### Exercise
Set down, character for character, everything in the records below from the line holding "#54=EDGE_CURVE('E46',#47,#31,#53,.T.);" down to the line holding "#65=VECTOR('',#64,1.);", and no other line.
┄┄┄┄┄┄┄┄┄┄
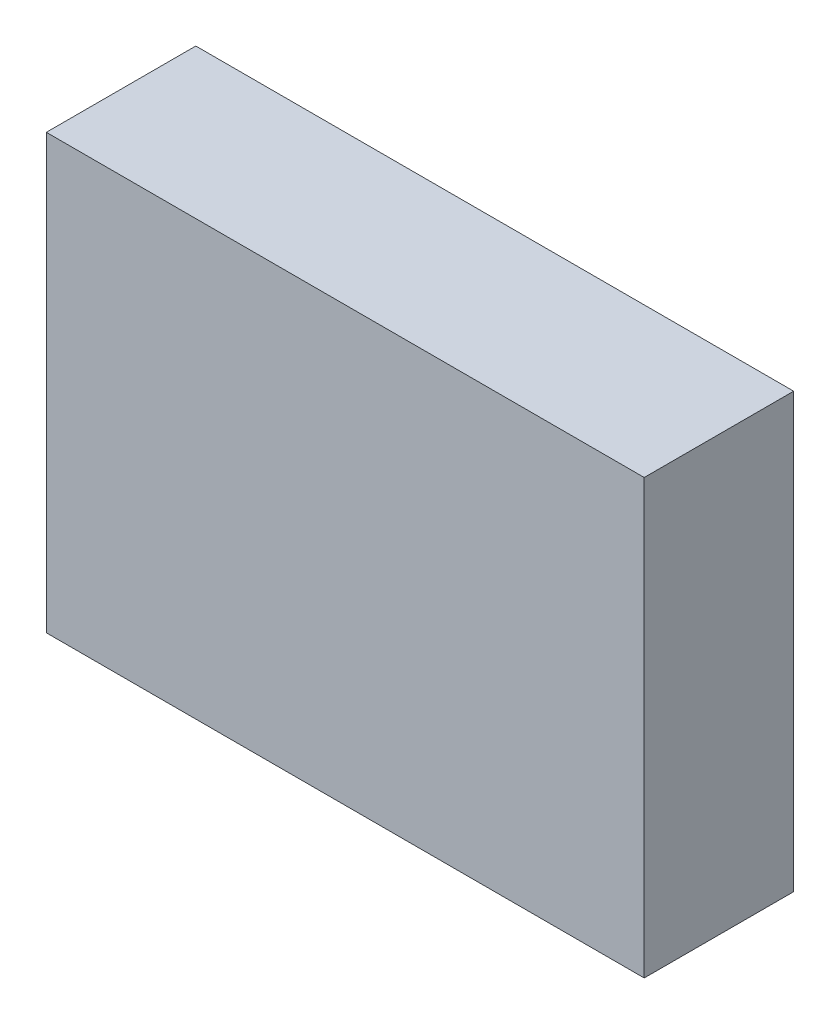
ISO-10303-21;
HEADER;
FILE_DESCRIPTION(('STEP AP214'),'2;1');
FILE_NAME('part.step','',(''),(''),'','','');
FILE_SCHEMA(('AUTOMOTIVE_DESIGN { 1 0 10303 214 1 1 1 1 }'));
ENDSEC;
DATA;
#1=APPLICATION_CONTEXT('core data for automotive mechanical design processes');
#2=APPLICATION_PROTOCOL_DEFINITION('international standard','automotive_design',2000,#1);
#3=PRODUCT_CONTEXT('',#1,'mechanical');
#4=PRODUCT('Part','Part','',(#3));
#5=PRODUCT_RELATED_PRODUCT_CATEGORY('part','',(#4));
#6=PRODUCT_DEFINITION_FORMATION('','',#4);
#7=PRODUCT_DEFINITION_CONTEXT('part definition',#1,'design');
#8=PRODUCT_DEFINITION('design','',#6,#7);
#9=PRODUCT_DEFINITION_SHAPE('','',#8);
#10=(LENGTH_UNIT() NAMED_UNIT(*) SI_UNIT(.MILLI.,.METRE.));
#11=(NAMED_UNIT(*) PLANE_ANGLE_UNIT() SI_UNIT($,.RADIAN.));
#12=(NAMED_UNIT(*) SI_UNIT($,.STERADIAN.) SOLID_ANGLE_UNIT());
#13=UNCERTAINTY_MEASURE_WITH_UNIT(LENGTH_MEASURE(1.E-05),#10,'distance_accuracy_value','');
#14=(GEOMETRIC_REPRESENTATION_CONTEXT(3) GLOBAL_UNCERTAINTY_ASSIGNED_CONTEXT((#13)) GLOBAL_UNIT_ASSIGNED_CONTEXT((#10,
#11,#12)) REPRESENTATION_CONTEXT('',''));
#15=CARTESIAN_POINT('',(0.,0.,0.));
#16=DIRECTION('',(0.,0.,1.));
#17=DIRECTION('',(1.,0.,0.));
#18=AXIS2_PLACEMENT_3D('',#15,#16,#17);
#19=CARTESIAN_POINT('',(0.,0.,-10.));
#20=DIRECTION('',(-1.,0.,0.));
#21=DIRECTION('',(0.,0.,1.));
#22=AXIS2_PLACEMENT_3D('',#19,#20,#21);
#23=PLANE('',#22);
#24=DIRECTION('',(0.,-1.,0.));
#25=VECTOR('',#24,1.);
#26=CARTESIAN_POINT('',(0.,0.,0.));
#27=LINE('',#26,#25);
#28=CARTESIAN_POINT('',(0.,29.,0.));
#29=VERTEX_POINT('',#28);
#30=CARTESIAN_POINT('',(0.,0.,0.));
#31=VERTEX_POINT('',#30);
#32=EDGE_CURVE('E107',#29,#31,#27,.T.);
#33=ORIENTED_EDGE('',*,*,#32,.F.);
#34=DIRECTION('',(0.,0.,1.));
#35=VECTOR('',#34,1.);
#36=CARTESIAN_POINT('',(0.,29.,-10.));
#37=LINE('',#36,#35);
#38=CARTESIAN_POINT('',(0.,29.,-10.));
#39=VERTEX_POINT('',#38);
#40=EDGE_CURVE('E11',#39,#29,#37,.T.);
#41=ORIENTED_EDGE('',*,*,#40,.F.);
#42=DIRECTION('',(0.,-1.,0.));
#43=VECTOR('',#42,1.);
#44=CARTESIAN_POINT('',(0.,0.,-10.));
#45=LINE('',#44,#43);
#46=CARTESIAN_POINT('',(0.,0.,-10.));
#47=VERTEX_POINT('',#46);
#48=EDGE_CURVE('E102',#39,#47,#45,.T.);
#49=ORIENTED_EDGE('',*,*,#48,.T.);
#50=DIRECTION('',(0.,0.,1.));
#51=VECTOR('',#50,1.);
#52=CARTESIAN_POINT('',(0.,0.,-10.));
#53=LINE('',#52,#51);
#54=EDGE_CURVE('E46',#47,#31,#53,.T.);
#55=ORIENTED_EDGE('',*,*,#54,.T.);
#56=EDGE_LOOP('',(#33,#41,#49,#55));
#57=FACE_BOUND('',#56,.T.);
#58=ADVANCED_FACE('F43',(#57),#23,.T.);
#59=CARTESIAN_POINT('',(0.,29.,-10.));
#60=DIRECTION('',(0.,1.,0.));
#61=DIRECTION('',(0.,0.,1.));
#62=AXIS2_PLACEMENT_3D('',#59,#60,#61);
#63=PLANE('',#62);
#64=DIRECTION('',(-1.,0.,0.));
#65=VECTOR('',#64,1.);
#66=CARTESIAN_POINT('',(0.,29.,0.));
#67=LINE('',#66,#65);
#68=CARTESIAN_POINT('',(40.,29.,0.));
#69=VERTEX_POINT('',#68);
#70=EDGE_CURVE('E104',#69,#29,#67,.T.);
#71=ORIENTED_EDGE('',*,*,#70,.F.);
#72=DIRECTION('',(0.,0.,1.));
#73=VECTOR('',#72,1.);
#74=CARTESIAN_POINT('',(40.,29.,-10.));
#75=LINE('',#74,#73);
#76=CARTESIAN_POINT('',(40.,29.,-10.));
#77=VERTEX_POINT('',#76);
#78=EDGE_CURVE('E55',#77,#69,#75,.T.);
#79=ORIENTED_EDGE('',*,*,#78,.F.);
#80=DIRECTION('',(-1.,0.,0.));
#81=VECTOR('',#80,1.);
#82=CARTESIAN_POINT('',(0.,29.,-10.));
#83=LINE('',#82,#81);
#84=EDGE_CURVE('E97',#77,#39,#83,.T.);
#85=ORIENTED_EDGE('',*,*,#84,.T.);
#86=ORIENTED_EDGE('',*,*,#40,.T.);
#87=EDGE_LOOP('',(#71,#79,#85,#86));
#88=FACE_BOUND('',#87,.T.);
#89=ADVANCED_FACE('F117',(#88),#63,.T.);
#90=CARTESIAN_POINT('',(40.,0.,-10.));
#91=DIRECTION('',(1.,0.,0.));
#92=DIRECTION('',(0.,0.,-1.));
#93=AXIS2_PLACEMENT_3D('',#90,#91,#92);
#94=PLANE('',#93);
#95=DIRECTION('',(0.,1.,0.));
#96=VECTOR('',#95,1.);
#97=CARTESIAN_POINT('',(40.,0.,0.));
#98=LINE('',#97,#96);
#99=CARTESIAN_POINT('',(40.,0.,0.));
#100=VERTEX_POINT('',#99);
#101=EDGE_CURVE('E93',#100,#69,#98,.T.);
#102=ORIENTED_EDGE('',*,*,#101,.F.);
#103=DIRECTION('',(0.,0.,1.));
#104=VECTOR('',#103,1.);
#105=CARTESIAN_POINT('',(40.,0.,-10.));
#106=LINE('',#105,#104);
#107=CARTESIAN_POINT('',(40.,0.,-10.));
#108=VERTEX_POINT('',#107);
#109=EDGE_CURVE('E88',#108,#100,#106,.T.);
#110=ORIENTED_EDGE('',*,*,#109,.F.);
#111=DIRECTION('',(0.,1.,0.));
#112=VECTOR('',#111,1.);
#113=CARTESIAN_POINT('',(40.,0.,-10.));
#114=LINE('',#113,#112);
#115=EDGE_CURVE('E91',#108,#77,#114,.T.);
#116=ORIENTED_EDGE('',*,*,#115,.T.);
#117=ORIENTED_EDGE('',*,*,#78,.T.);
#118=EDGE_LOOP('',(#102,#110,#116,#117));
#119=FACE_BOUND('',#118,.T.);
#120=ADVANCED_FACE('F89',(#119),#94,.T.);
#121=CARTESIAN_POINT('',(0.,0.,-10.));
#122=DIRECTION('',(0.,-1.,0.));
#123=DIRECTION('',(0.,0.,-1.));
#124=AXIS2_PLACEMENT_3D('',#121,#122,#123);
#125=PLANE('',#124);
#126=DIRECTION('',(1.,0.,0.));
#127=VECTOR('',#126,1.);
#128=CARTESIAN_POINT('',(0.,0.,0.));
#129=LINE('',#128,#127);
#130=EDGE_CURVE('E110',#31,#100,#129,.T.);
#131=ORIENTED_EDGE('',*,*,#130,.F.);
#132=ORIENTED_EDGE('',*,*,#54,.F.);
#133=DIRECTION('',(1.,0.,0.));
#134=VECTOR('',#133,1.);
#135=CARTESIAN_POINT('',(0.,0.,-10.));
#136=LINE('',#135,#134);
#137=EDGE_CURVE('E100',#47,#108,#136,.T.);
#138=ORIENTED_EDGE('',*,*,#137,.T.);
#139=ORIENTED_EDGE('',*,*,#109,.T.);
#140=EDGE_LOOP('',(#131,#132,#138,#139));
#141=FACE_BOUND('',#140,.T.);
#142=ADVANCED_FACE('F99',(#141),#125,.T.);
#143=CARTESIAN_POINT('',(0.,0.,-10.));
#144=DIRECTION('',(0.,0.,-1.));
#145=DIRECTION('',(-1.,0.,0.));
#146=AXIS2_PLACEMENT_3D('',#143,#144,#145);
#147=PLANE('',#146);
#148=ORIENTED_EDGE('',*,*,#48,.F.);
#149=ORIENTED_EDGE('',*,*,#84,.F.);
#150=ORIENTED_EDGE('',*,*,#115,.F.);
#151=ORIENTED_EDGE('',*,*,#137,.F.);
#152=EDGE_LOOP('',(#148,#149,#150,#151));
#153=FACE_BOUND('',#152,.T.);
#154=ADVANCED_FACE('F96',(#153),#147,.T.);
#155=CARTESIAN_POINT('',(0.,0.,0.));
#156=DIRECTION('',(0.,0.,-1.));
#157=DIRECTION('',(-1.,0.,0.));
#158=AXIS2_PLACEMENT_3D('',#155,#156,#157);
#159=PLANE('',#158);
#160=ORIENTED_EDGE('',*,*,#32,.T.);
#161=ORIENTED_EDGE('',*,*,#130,.T.);
#162=ORIENTED_EDGE('',*,*,#101,.T.);
#163=ORIENTED_EDGE('',*,*,#70,.T.);
#164=EDGE_LOOP('',(#160,#161,#162,#163));
#165=FACE_BOUND('',#164,.T.);
#166=ADVANCED_FACE('F116',(#165),#159,.F.);
#167=CLOSED_SHELL('',(#58,#89,#120,#142,#154,#166));
#168=MANIFOLD_SOLID_BREP('B2',#167);
#169=ADVANCED_BREP_SHAPE_REPRESENTATION('',(#18,#168),#14);
#170=SHAPE_DEFINITION_REPRESENTATION(#9,#169);
ENDSEC;
END-ISO-10303-21;
┄┄┄┄┄┄┄┄┄┄
### Solution
#54=EDGE_CURVE('E46',#47,#31,#53,.T.);
#55=ORIENTED_EDGE('',*,*,#54,.T.);
#56=EDGE_LOOP('',(#33,#41,#49,#55));
#57=FACE_BOUND('',#56,.T.);
#58=ADVANCED_FACE('F43',(#57),#23,.T.);
#59=CARTESIAN_POINT('',(0.,29.,-10.));
#60=DIRECTION('',(0.,1.,0.));
#61=DIRECTION('',(0.,0.,1.));
#62=AXIS2_PLACEMENT_3D('',#59,#60,#61);
#63=PLANE('',#62);
#64=DIRECTION('',(-1.,0.,0.));
#65=VECTOR('',#64,1.);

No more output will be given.